# Problems playing music with USB flash drive



## obermd (Mar 3, 2012)

Take the car out of the loop for a moment. Can you play them in the correct order on your PC?


----------



## UnknownBeauty (Nov 7, 2012)

Yes, when I plug my flash drive into my PC everything is normal and the tracks are in order. I even checked to make sure that their track # was correct on the track information. Most of the tracks are also numbered in the song title, but it plays them in a scrambled order, not numerical.


----------



## obermd (Mar 3, 2012)

OK - rules out a problem with the USB stick. Back to the car ... Anyone else have any ideas?


----------



## del1 (Oct 8, 2012)

Hi Is it formatted in fat 32 ? if not try that


----------



## Clump (Oct 22, 2012)

Is it a MyLink? If so do you have Gracenote turned on?


----------



## GoldenCruze (Dec 18, 2011)

All music needs to be in mp3. Other file types won't play.


----------



## titan2782 (Nov 4, 2011)

The car will read the file structure starting with the mp3's in the root in ABC order and then it will do the same for each folder. I don't think the car will play playlist files. If it does, make sure you have the correct playlist file format (play list files differ!)

Also, make sure you don't have RANDOM enabled on the stero


----------



## UnknownBeauty (Nov 7, 2012)

I will need to double check, but I believe it is formatted in FAT32. 
It is not MyLink. 
I have other wma files on there that do play, and some of the files that won't play are mp3. 
It also does not play them in ABC order. I do not have playlist files, but I do have folders on the drive in which I put songs to make a "playlist."
Random is not enabled.


I'm totally baffled!!


----------



## obermd (Mar 3, 2012)

Please list the filenames, including the numbers of a set of files that don't play in the correct order. Also, what order is this particular set of files playing in? I need to see the entire name (without path) such as 

01 Waterloo.wma
02 S.O.S.wma
03 I Do, I Do, I Do, I Do, I Do.wma
04 Mamma Mia.wma

You get the idea.


----------



## titan2782 (Nov 4, 2011)

Also, I know that if the MP3's don't have proper ID2 info, the stereo won't pick it up unless you go into file browse mode. I have 1/2 of a Disturbed album that won't play because the ID2 tags. So I have to figure out which file I want. 

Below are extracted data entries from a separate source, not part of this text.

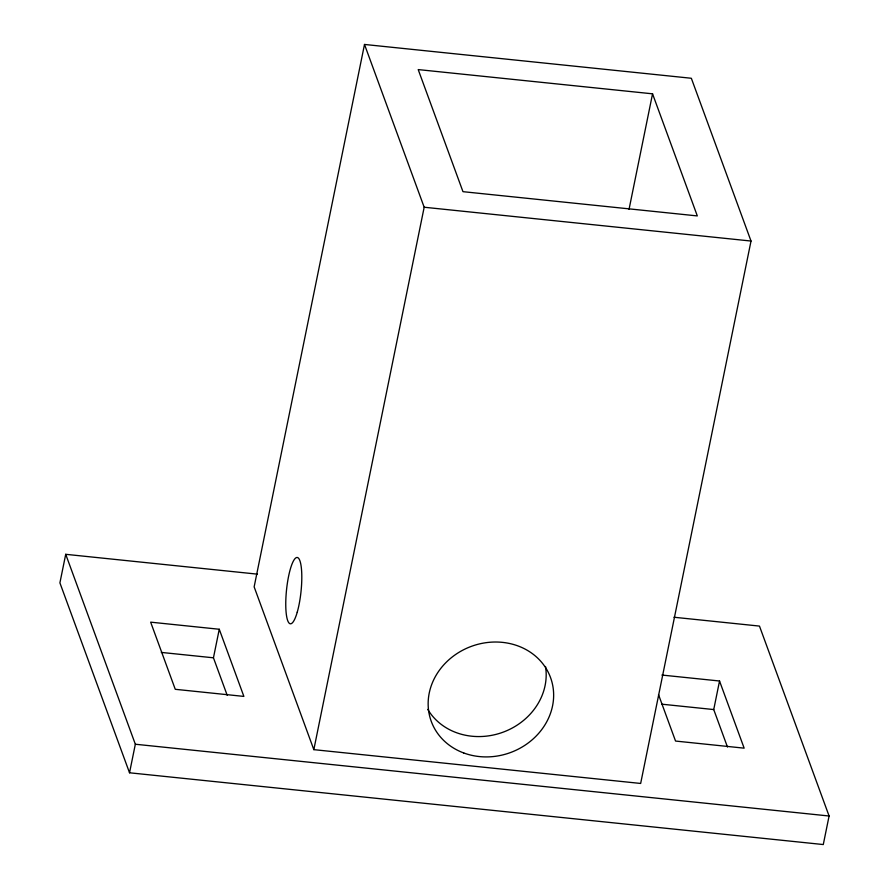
<?xml version="1.0" encoding="UTF-8"?>
<svg xmlns="http://www.w3.org/2000/svg" width="889" height="889" viewBox="0 0 889 889"><rect width="100%" height="100%" fill="white"/><g stroke="black" fill="none" stroke-linecap="round" stroke-linejoin="round"><path stroke-width="1.33" d="M257.432 574.15L65.719 554.314L59.907 582.862L129.527 772.785L823.281 844.55L829.093 816.002L759.473 626.089L673.962 617.244M129.527 772.785L135.339 744.237L65.719 554.314M227.184 695.254L213.449 657.804L219.261 629.256L150.652 622.156L175.266 689.308L243.875 696.409L219.261 629.256M364.501 44.45L254.143 586.862L313.828 749.649L640.658 783.453L751.016 241.041L691.342 78.265L364.501 44.45L424.175 207.237L313.828 749.649M629.034 209.371L652.548 93.823L418.208 69.586L462.969 191.668L697.309 215.916L652.548 93.823M727.458 747.004L713.734 709.555L719.534 681.007L661.905 675.051M424.175 207.237L751.016 241.041M161.309 652.415L213.449 657.804M661.594 704.166L713.734 709.555M135.339 744.237L829.093 816.002M719.534 681.007L744.149 748.16L675.551 741.059L658.505 694.576M545.513 666.483A63.53 56.585 -20.1 0 1 502.785 732.292A63.53 56.585 -20.1 0 1 427.776 709.4M297.248 612.165A33.36 7.301 -84.1 0 0 298.315 558.014A33.36 7.301 -84.1 0 0 285.78 601.775A33.36 7.301 -84.1 0 0 297.248 612.165M463.714 752.961A63.53 56.585 -20.1 0 0 553.469 690.853A63.53 56.585 -20.1 0 0 455.501 654.582A63.53 56.585 -20.1 0 0 463.714 752.961"/></g></svg>
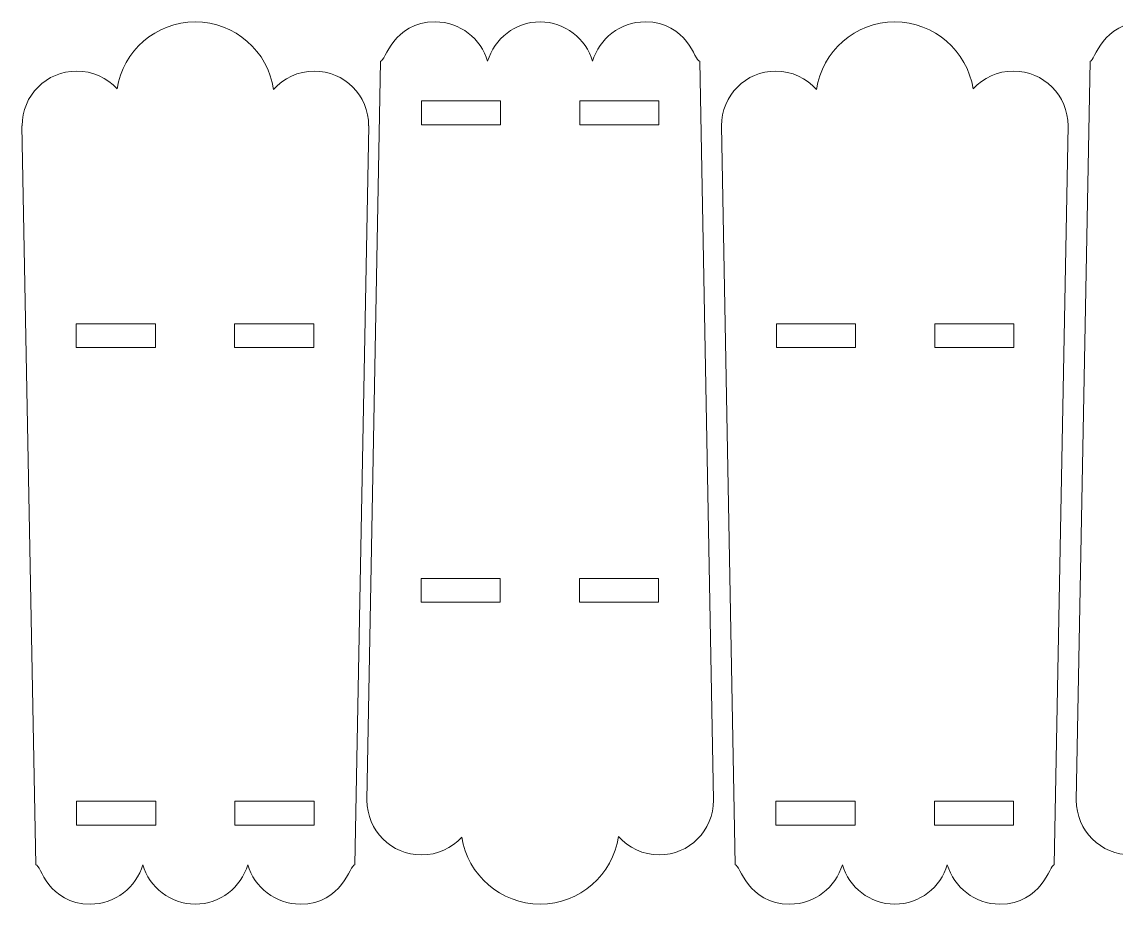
# Model space of a CAD drawing. Header units: centimetres. Extents: x -25.5 to 25.8, y -16.3 to 16.
# Drawn here: x -23.65 to -9.83, y 4.84 to 15.98 of the extents above; entities that cross this region are included whole.
import ezdxf

# ---------------------------------------------------------------- set-up
doc = ezdxf.new("R2010")
doc.units = ezdxf.units.CM
doc.header["$MEASUREMENT"] = 0
doc.layers.add('layer 1', color=7, linetype='Continuous')

msp = doc.modelspace()

# ---------------------------------------------------------------- linework, layer by layer
at = {"layer": 'layer 1', "color": 1, "lineweight": 20}
for points, knots in [([(-23.47454, 5.33982), (-23.41207, 5.33982), (-23.32609, 4.84214), (-22.78585, 4.84214), (-22.78585, 4.84214), (-22.4716, 4.84214), (-22.20647, 5.05236), (-22.12335, 5.33982), (-22.12335, 5.33982), (-22.12335, 5.33982), (-22.12331, 5.33982), (-22.12331, 5.33982), (-22.12331, 5.33982), (-22.04019, 5.05236), (-21.77507, 4.84215), (-21.46083, 4.84215), (-21.46083, 4.84215), (-21.14658, 4.84215), (-20.88146, 5.05236), (-20.79833, 5.33982), (-20.79833, 5.33982), (-20.79833, 5.33982), (-20.79813, 5.33982), (-20.79813, 5.33982), (-20.79813, 5.33982), (-20.715, 5.05236), (-20.44989, 4.84215), (-20.13565, 4.84215), (-20.13565, 4.84215), (-19.59331, 4.84215), (-19.51258, 5.33982), (-19.44505, 5.33982), (-19.44505, 5.33982), (-19.44505, 5.33982), (-19.27128, 14.66974), (-19.27128, 14.66974), (-19.27128, 14.66974), (-19.27128, 14.66974), (-19.27171, 14.66974), (-19.27171, 14.66974), (-19.27171, 14.66974), (-19.27171, 15.05059), (-19.57854, 15.35932), (-19.95707, 15.35932), (-19.95707, 15.35932), (-20.16191, 15.35932), (-20.34571, 15.26887), (-20.4713, 15.12554), (-20.4713, 15.12554), (-20.54171, 15.60892), (-20.95785, 15.98017), (-21.46075, 15.98017), (-21.46075, 15.98017), (-21.96061, 15.98017), (-22.37479, 15.61341), (-22.44892, 15.13432), (-22.44892, 15.13432), (-22.57503, 15.27257), (-22.75663, 15.35932), (-22.95851, 15.35932), (-22.95851, 15.35932), (-23.33935, 15.35932), (-23.64808, 15.05059), (-23.64808, 14.66974), (-23.64808, 14.66974), (-23.64808, 14.66974), (-23.65022, 14.66974), (-23.65022, 14.66974), (-23.65022, 14.66974), (-23.65022, 14.66974), (-23.47454, 5.33982), (-23.47454, 5.33982)], [0, 0, 0, 0, 0.05263158, 0.05263158, 0.05263158, 0.05263158, 0.10526316, 0.10526316, 0.10526316, 0.10526316, 0.15789474, 0.15789474, 0.15789474, 0.15789474, 0.21052632, 0.21052632, 0.21052632, 0.21052632, 0.26315789, 0.26315789, 0.26315789, 0.26315789, 0.31578947, 0.31578947, 0.31578947, 0.31578947, 0.36842105, 0.36842105, 0.36842105, 0.36842105, 0.42105263, 0.42105263, 0.42105263, 0.42105263, 0.47368421, 0.47368421, 0.47368421, 0.47368421, 0.52631579, 0.52631579, 0.52631579, 0.52631579, 0.57894737, 0.57894737, 0.57894737, 0.57894737, 0.63157895, 0.63157895, 0.63157895, 0.63157895, 0.68421053, 0.68421053, 0.68421053, 0.68421053, 0.73684211, 0.73684211, 0.73684211, 0.73684211, 0.78947368, 0.78947368, 0.78947368, 0.78947368, 0.84210526, 0.84210526, 0.84210526, 0.84210526, 0.89473684, 0.89473684, 0.89473684, 0.89473684, 1, 1, 1, 1]), ([(-19.12018, 15.4825), (-19.05771, 15.4825), (-18.97173, 15.98018), (-18.43149, 15.98018), (-18.43149, 15.98018), (-18.11724, 15.98018), (-17.85211, 15.76996), (-17.76899, 15.4825), (-17.76899, 15.4825), (-17.76899, 15.4825), (-17.76895, 15.4825), (-17.76895, 15.4825), (-17.76895, 15.4825), (-17.68583, 15.76996), (-17.42071, 15.98017), (-17.10647, 15.98017), (-17.10647, 15.98017), (-16.79222, 15.98017), (-16.5271, 15.76996), (-16.44397, 15.4825), (-16.44397, 15.4825), (-16.44397, 15.4825), (-16.44377, 15.4825), (-16.44377, 15.4825), (-16.44377, 15.4825), (-16.36064, 15.76996), (-16.09553, 15.98017), (-15.78129, 15.98017), (-15.78129, 15.98017), (-15.23895, 15.98017), (-15.15822, 15.4825), (-15.09069, 15.4825), (-15.09069, 15.4825), (-15.09069, 15.4825), (-14.91692, 6.15258), (-14.91692, 6.15258), (-14.91692, 6.15258), (-14.91692, 6.15258), (-14.91735, 6.15258), (-14.91735, 6.15258), (-14.91735, 6.15258), (-14.91735, 5.77173), (-15.22418, 5.463), (-15.60271, 5.463), (-15.60271, 5.463), (-15.80755, 5.463), (-15.99135, 5.55345), (-16.11694, 5.69678), (-16.11694, 5.69678), (-16.18735, 5.2134), (-16.60349, 4.84215), (-17.10639, 4.84215), (-17.10639, 4.84215), (-17.60625, 4.84215), (-18.02043, 5.20891), (-18.09456, 5.688), (-18.09456, 5.688), (-18.22067, 5.54975), (-18.40227, 5.463), (-18.60415, 5.463), (-18.60415, 5.463), (-18.98499, 5.463), (-19.29372, 5.77173), (-19.29372, 6.15258), (-19.29372, 6.15258), (-19.29372, 6.15258), (-19.29586, 6.15258), (-19.29586, 6.15258), (-19.29586, 6.15258), (-19.29586, 6.15258), (-19.12018, 15.4825), (-19.12018, 15.4825)], [0, 0, 0, 0, 0.05263158, 0.05263158, 0.05263158, 0.05263158, 0.10526316, 0.10526316, 0.10526316, 0.10526316, 0.15789474, 0.15789474, 0.15789474, 0.15789474, 0.21052632, 0.21052632, 0.21052632, 0.21052632, 0.26315789, 0.26315789, 0.26315789, 0.26315789, 0.31578947, 0.31578947, 0.31578947, 0.31578947, 0.36842105, 0.36842105, 0.36842105, 0.36842105, 0.42105263, 0.42105263, 0.42105263, 0.42105263, 0.47368421, 0.47368421, 0.47368421, 0.47368421, 0.52631579, 0.52631579, 0.52631579, 0.52631579, 0.57894737, 0.57894737, 0.57894737, 0.57894737, 0.63157895, 0.63157895, 0.63157895, 0.63157895, 0.68421053, 0.68421053, 0.68421053, 0.68421053, 0.73684211, 0.73684211, 0.73684211, 0.73684211, 0.78947368, 0.78947368, 0.78947368, 0.78947368, 0.84210526, 0.84210526, 0.84210526, 0.84210526, 0.89473684, 0.89473684, 0.89473684, 0.89473684, 1, 1, 1, 1]), ([(-10.61366, 5.33983), (-10.67613, 5.33983), (-10.76211, 4.84215), (-11.30235, 4.84215), (-11.30235, 4.84215), (-11.6166, 4.84215), (-11.88173, 5.05237), (-11.96485, 5.33983), (-11.96485, 5.33983), (-11.96485, 5.33983), (-11.96489, 5.33983), (-11.96489, 5.33983), (-11.96489, 5.33983), (-12.04801, 5.05237), (-12.31313, 4.84216), (-12.62737, 4.84216), (-12.62737, 4.84216), (-12.94162, 4.84216), (-13.20674, 5.05237), (-13.28987, 5.33983), (-13.28987, 5.33983), (-13.28987, 5.33983), (-13.29007, 5.33983), (-13.29007, 5.33983), (-13.29007, 5.33983), (-13.3732, 5.05237), (-13.63831, 4.84216), (-13.95255, 4.84216), (-13.95255, 4.84216), (-14.49489, 4.84216), (-14.57562, 5.33983), (-14.64315, 5.33983), (-14.64315, 5.33983), (-14.64315, 5.33983), (-14.81692, 14.66975), (-14.81692, 14.66975), (-14.81692, 14.66975), (-14.81692, 14.66975), (-14.81649, 14.66975), (-14.81649, 14.66975), (-14.81649, 14.66975), (-14.81649, 15.0506), (-14.50966, 15.35933), (-14.13113, 15.35933), (-14.13113, 15.35933), (-13.92629, 15.35933), (-13.74249, 15.26888), (-13.6169, 15.12555), (-13.6169, 15.12555), (-13.54649, 15.60893), (-13.13035, 15.98018), (-12.62745, 15.98018), (-12.62745, 15.98018), (-12.12759, 15.98018), (-11.71341, 15.61342), (-11.63928, 15.13433), (-11.63928, 15.13433), (-11.51317, 15.27258), (-11.33157, 15.35933), (-11.12969, 15.35933), (-11.12969, 15.35933), (-10.74885, 15.35933), (-10.44012, 15.0506), (-10.44012, 14.66975), (-10.44012, 14.66975), (-10.44012, 14.66975), (-10.43798, 14.66975), (-10.43798, 14.66975), (-10.43798, 14.66975), (-10.43798, 14.66975), (-10.61366, 5.33983), (-10.61366, 5.33983)], [0, 0, 0, 0, 0.05263158, 0.05263158, 0.05263158, 0.05263158, 0.10526316, 0.10526316, 0.10526316, 0.10526316, 0.15789474, 0.15789474, 0.15789474, 0.15789474, 0.21052632, 0.21052632, 0.21052632, 0.21052632, 0.26315789, 0.26315789, 0.26315789, 0.26315789, 0.31578947, 0.31578947, 0.31578947, 0.31578947, 0.36842105, 0.36842105, 0.36842105, 0.36842105, 0.42105263, 0.42105263, 0.42105263, 0.42105263, 0.47368421, 0.47368421, 0.47368421, 0.47368421, 0.52631579, 0.52631579, 0.52631579, 0.52631579, 0.57894737, 0.57894737, 0.57894737, 0.57894737, 0.63157895, 0.63157895, 0.63157895, 0.63157895, 0.68421053, 0.68421053, 0.68421053, 0.68421053, 0.73684211, 0.73684211, 0.73684211, 0.73684211, 0.78947368, 0.78947368, 0.78947368, 0.78947368, 0.84210526, 0.84210526, 0.84210526, 0.84210526, 0.89473684, 0.89473684, 0.89473684, 0.89473684, 1, 1, 1, 1]), ([(-10.1623, 15.4825), (-10.09983, 15.4825), (-10.01385, 15.98018), (-9.47361, 15.98018), (-9.47361, 15.98018), (-9.15936, 15.98018), (-8.89423, 15.76996), (-8.81111, 15.4825), (-8.81111, 15.4825), (-8.81111, 15.4825), (-8.81107, 15.4825), (-8.81107, 15.4825), (-8.81107, 15.4825), (-8.72795, 15.76996), (-8.46283, 15.98017), (-8.14859, 15.98017), (-8.14859, 15.98017), (-7.83434, 15.98017), (-7.56922, 15.76996), (-7.48609, 15.4825), (-7.48609, 15.4825), (-7.48609, 15.4825), (-7.48589, 15.4825), (-7.48589, 15.4825), (-7.48589, 15.4825), (-7.40276, 15.76996), (-7.13765, 15.98017), (-6.82341, 15.98017), (-6.82341, 15.98017), (-6.28107, 15.98017), (-6.20034, 15.4825), (-6.13281, 15.4825), (-6.13281, 15.4825), (-6.13281, 15.4825), (-5.95904, 6.15258), (-5.95904, 6.15258), (-5.95904, 6.15258), (-5.95904, 6.15258), (-5.95947, 6.15258), (-5.95947, 6.15258), (-5.95947, 6.15258), (-5.95947, 5.77173), (-6.2663, 5.463), (-6.64483, 5.463), (-6.64483, 5.463), (-6.84967, 5.463), (-7.03347, 5.55345), (-7.15906, 5.69678), (-7.15906, 5.69678), (-7.22947, 5.2134), (-7.64561, 4.84215), (-8.14851, 4.84215), (-8.14851, 4.84215), (-8.64837, 4.84215), (-9.06255, 5.20891), (-9.13668, 5.688), (-9.13668, 5.688), (-9.26279, 5.54975), (-9.44439, 5.463), (-9.64627, 5.463), (-9.64627, 5.463), (-10.02711, 5.463), (-10.33584, 5.77173), (-10.33584, 6.15258), (-10.33584, 6.15258), (-10.33584, 6.15258), (-10.33798, 6.15258), (-10.33798, 6.15258), (-10.33798, 6.15258), (-10.33798, 6.15258), (-10.1623, 15.4825), (-10.1623, 15.4825)], [0, 0, 0, 0, 0.05263158, 0.05263158, 0.05263158, 0.05263158, 0.10526316, 0.10526316, 0.10526316, 0.10526316, 0.15789474, 0.15789474, 0.15789474, 0.15789474, 0.21052632, 0.21052632, 0.21052632, 0.21052632, 0.26315789, 0.26315789, 0.26315789, 0.26315789, 0.31578947, 0.31578947, 0.31578947, 0.31578947, 0.36842105, 0.36842105, 0.36842105, 0.36842105, 0.42105263, 0.42105263, 0.42105263, 0.42105263, 0.47368421, 0.47368421, 0.47368421, 0.47368421, 0.52631579, 0.52631579, 0.52631579, 0.52631579, 0.57894737, 0.57894737, 0.57894737, 0.57894737, 0.63157895, 0.63157895, 0.63157895, 0.63157895, 0.68421053, 0.68421053, 0.68421053, 0.68421053, 0.73684211, 0.73684211, 0.73684211, 0.73684211, 0.78947368, 0.78947368, 0.78947368, 0.78947368, 0.84210526, 0.84210526, 0.84210526, 0.84210526, 0.89473684, 0.89473684, 0.89473684, 0.89473684, 1, 1, 1, 1]), ([(-18.60596, 14.9825), (-18.60596, 14.9825), (-17.60596, 14.9825), (-17.60596, 14.9825), (-17.60596, 14.9825), (-17.60596, 14.9825), (-17.60596, 14.6825), (-17.60596, 14.6825), (-17.60596, 14.6825), (-17.60596, 14.6825), (-18.60596, 14.6825), (-18.60596, 14.6825), (-18.60596, 14.6825), (-18.60596, 14.6825), (-18.60596, 14.9825), (-18.60596, 14.9825)], [0, 0, 0, 0, 0.2, 0.2, 0.2, 0.2, 0.4, 0.4, 0.4, 0.4, 0.6, 0.6, 0.6, 0.6, 1, 1, 1, 1]), ([(-16.60596, 14.9825), (-16.60596, 14.9825), (-15.60596, 14.9825), (-15.60596, 14.9825), (-15.60596, 14.9825), (-15.60596, 14.9825), (-15.60596, 14.6825), (-15.60596, 14.6825), (-15.60596, 14.6825), (-15.60596, 14.6825), (-16.60596, 14.6825), (-16.60596, 14.6825), (-16.60596, 14.6825), (-16.60596, 14.6825), (-16.60596, 14.9825), (-16.60596, 14.9825)], [0, 0, 0, 0, 0.2, 0.2, 0.2, 0.2, 0.4, 0.4, 0.4, 0.4, 0.6, 0.6, 0.6, 0.6, 1, 1, 1, 1]), ([(-22.96483, 11.86974), (-22.96483, 11.86974), (-21.96483, 11.86974), (-21.96483, 11.86974), (-21.96483, 11.86974), (-21.96483, 11.86974), (-21.96483, 12.16974), (-21.96483, 12.16974), (-21.96483, 12.16974), (-21.96483, 12.16974), (-22.96483, 12.16974), (-22.96483, 12.16974), (-22.96483, 12.16974), (-22.96483, 12.16974), (-22.96483, 11.86974), (-22.96483, 11.86974)], [0, 0, 0, 0, 0.2, 0.2, 0.2, 0.2, 0.4, 0.4, 0.4, 0.4, 0.6, 0.6, 0.6, 0.6, 1, 1, 1, 1]), ([(-20.96483, 11.86974), (-20.96483, 11.86974), (-19.96483, 11.86974), (-19.96483, 11.86974), (-19.96483, 11.86974), (-19.96483, 11.86974), (-19.96483, 12.16974), (-19.96483, 12.16974), (-19.96483, 12.16974), (-19.96483, 12.16974), (-20.96483, 12.16974), (-20.96483, 12.16974), (-20.96483, 12.16974), (-20.96483, 12.16974), (-20.96483, 11.86974), (-20.96483, 11.86974)], [0, 0, 0, 0, 0.2, 0.2, 0.2, 0.2, 0.4, 0.4, 0.4, 0.4, 0.6, 0.6, 0.6, 0.6, 1, 1, 1, 1]), ([(-13.12337, 11.86975), (-13.12337, 11.86975), (-14.12337, 11.86975), (-14.12337, 11.86975), (-14.12337, 11.86975), (-14.12337, 11.86975), (-14.12337, 12.16975), (-14.12337, 12.16975), (-14.12337, 12.16975), (-14.12337, 12.16975), (-13.12337, 12.16975), (-13.12337, 12.16975), (-13.12337, 12.16975), (-13.12337, 12.16975), (-13.12337, 11.86975), (-13.12337, 11.86975)], [0, 0, 0, 0, 0.2, 0.2, 0.2, 0.2, 0.4, 0.4, 0.4, 0.4, 0.6, 0.6, 0.6, 0.6, 1, 1, 1, 1]), ([(-11.12337, 11.86975), (-11.12337, 11.86975), (-12.12337, 11.86975), (-12.12337, 11.86975), (-12.12337, 11.86975), (-12.12337, 11.86975), (-12.12337, 12.16975), (-12.12337, 12.16975), (-12.12337, 12.16975), (-12.12337, 12.16975), (-11.12337, 12.16975), (-11.12337, 12.16975), (-11.12337, 12.16975), (-11.12337, 12.16975), (-11.12337, 11.86975), (-11.12337, 11.86975)], [0, 0, 0, 0, 0.2, 0.2, 0.2, 0.2, 0.4, 0.4, 0.4, 0.4, 0.6, 0.6, 0.6, 0.6, 1, 1, 1, 1]), ([(-18.61047, 8.95258), (-18.61047, 8.95258), (-17.61047, 8.95258), (-17.61047, 8.95258), (-17.61047, 8.95258), (-17.61047, 8.95258), (-17.61047, 8.65258), (-17.61047, 8.65258), (-17.61047, 8.65258), (-17.61047, 8.65258), (-18.61047, 8.65258), (-18.61047, 8.65258), (-18.61047, 8.65258), (-18.61047, 8.65258), (-18.61047, 8.95258), (-18.61047, 8.95258)], [0, 0, 0, 0, 0.2, 0.2, 0.2, 0.2, 0.4, 0.4, 0.4, 0.4, 0.6, 0.6, 0.6, 0.6, 1, 1, 1, 1]), ([(-16.61047, 8.95258), (-16.61047, 8.95258), (-15.61047, 8.95258), (-15.61047, 8.95258), (-15.61047, 8.95258), (-15.61047, 8.95258), (-15.61047, 8.65258), (-15.61047, 8.65258), (-15.61047, 8.65258), (-15.61047, 8.65258), (-16.61047, 8.65258), (-16.61047, 8.65258), (-16.61047, 8.65258), (-16.61047, 8.65258), (-16.61047, 8.95258), (-16.61047, 8.95258)], [0, 0, 0, 0, 0.2, 0.2, 0.2, 0.2, 0.4, 0.4, 0.4, 0.4, 0.6, 0.6, 0.6, 0.6, 1, 1, 1, 1]), ([(-22.96032, 5.83982), (-22.96032, 5.83982), (-21.96032, 5.83982), (-21.96032, 5.83982), (-21.96032, 5.83982), (-21.96032, 5.83982), (-21.96032, 6.13982), (-21.96032, 6.13982), (-21.96032, 6.13982), (-21.96032, 6.13982), (-22.96032, 6.13982), (-22.96032, 6.13982), (-22.96032, 6.13982), (-22.96032, 6.13982), (-22.96032, 5.83982), (-22.96032, 5.83982)], [0, 0, 0, 0, 0.2, 0.2, 0.2, 0.2, 0.4, 0.4, 0.4, 0.4, 0.6, 0.6, 0.6, 0.6, 1, 1, 1, 1]), ([(-20.96032, 5.83982), (-20.96032, 5.83982), (-19.96032, 5.83982), (-19.96032, 5.83982), (-19.96032, 5.83982), (-19.96032, 5.83982), (-19.96032, 6.13982), (-19.96032, 6.13982), (-19.96032, 6.13982), (-19.96032, 6.13982), (-20.96032, 6.13982), (-20.96032, 6.13982), (-20.96032, 6.13982), (-20.96032, 6.13982), (-20.96032, 5.83982), (-20.96032, 5.83982)], [0, 0, 0, 0, 0.2, 0.2, 0.2, 0.2, 0.4, 0.4, 0.4, 0.4, 0.6, 0.6, 0.6, 0.6, 1, 1, 1, 1]), ([(-13.12788, 5.83983), (-13.12788, 5.83983), (-14.12788, 5.83983), (-14.12788, 5.83983), (-14.12788, 5.83983), (-14.12788, 5.83983), (-14.12788, 6.13983), (-14.12788, 6.13983), (-14.12788, 6.13983), (-14.12788, 6.13983), (-13.12788, 6.13983), (-13.12788, 6.13983), (-13.12788, 6.13983), (-13.12788, 6.13983), (-13.12788, 5.83983), (-13.12788, 5.83983)], [0, 0, 0, 0, 0.2, 0.2, 0.2, 0.2, 0.4, 0.4, 0.4, 0.4, 0.6, 0.6, 0.6, 0.6, 1, 1, 1, 1]), ([(-11.12788, 5.83983), (-11.12788, 5.83983), (-12.12788, 5.83983), (-12.12788, 5.83983), (-12.12788, 5.83983), (-12.12788, 5.83983), (-12.12788, 6.13983), (-12.12788, 6.13983), (-12.12788, 6.13983), (-12.12788, 6.13983), (-11.12788, 6.13983), (-11.12788, 6.13983), (-11.12788, 6.13983), (-11.12788, 6.13983), (-11.12788, 5.83983), (-11.12788, 5.83983)], [0, 0, 0, 0, 0.2, 0.2, 0.2, 0.2, 0.4, 0.4, 0.4, 0.4, 0.6, 0.6, 0.6, 0.6, 1, 1, 1, 1])]:
    msp.add_open_spline(points, degree=3, knots=knots, dxfattribs=at)

doc.saveas('drawing.dxf')

Put the USB drive in your computer and find a file that won't play in the car. Right click on it and go to properties. Windows 7 let's you update the ID2 information so enter title, artist, etc. Save it and then try to play it again in the car.


----------



## Aftica (Oct 22, 2012)

UnknownBeauty said:


> I am aware of the 10,000 track limit and definitely don't have nearly that much music on there.



I thought it was 1000?


----------



## UnknownBeauty (Nov 7, 2012)

Aftica said:


> I thought it was 1000?


Oh! I've seen both numbers on here. I just assumed it would be 10,000 because 1,000 is not very much


----------



## UnknownBeauty (Nov 7, 2012)

obermd said:


> Please list the filenames, including the numbers of a set of files that don't play in the correct order. Also, what order is this particular set of files playing in? I need to see the entire name (without path) such as
> 
> 01 Waterloo.wma
> 02 S.O.S.wma
> ...


The filenames are pretty standard. 

01 Dark Chest of Wonders.wma
02 Wish I Had an Angel.wma
03 Nemo.wma
04 Planet ****.wma
05 Creek Mary's Blood.wma
06 The Siren.wma
etc....

I'll have to check and see about what order they are playing in. I'm pretty sure they don't play in a consistent order. It's as if they're being scrambled each time.


----------



## UnknownBeauty (Nov 7, 2012)

titan2782 said:


> Also, I know that if the MP3's don't have proper ID2 info, the stereo won't pick it up unless you go into file browse mode. I have 1/2 of a Disturbed album that won't play because the ID2 tags. So I have to figure out which file I want.
> 
> Put the USB drive in your computer and find a file that won't play in the car. Right click on it and go to properties. Windows 7 let's you update the ID2 information so enter title, artist, etc. Save it and then try to play it again in the car.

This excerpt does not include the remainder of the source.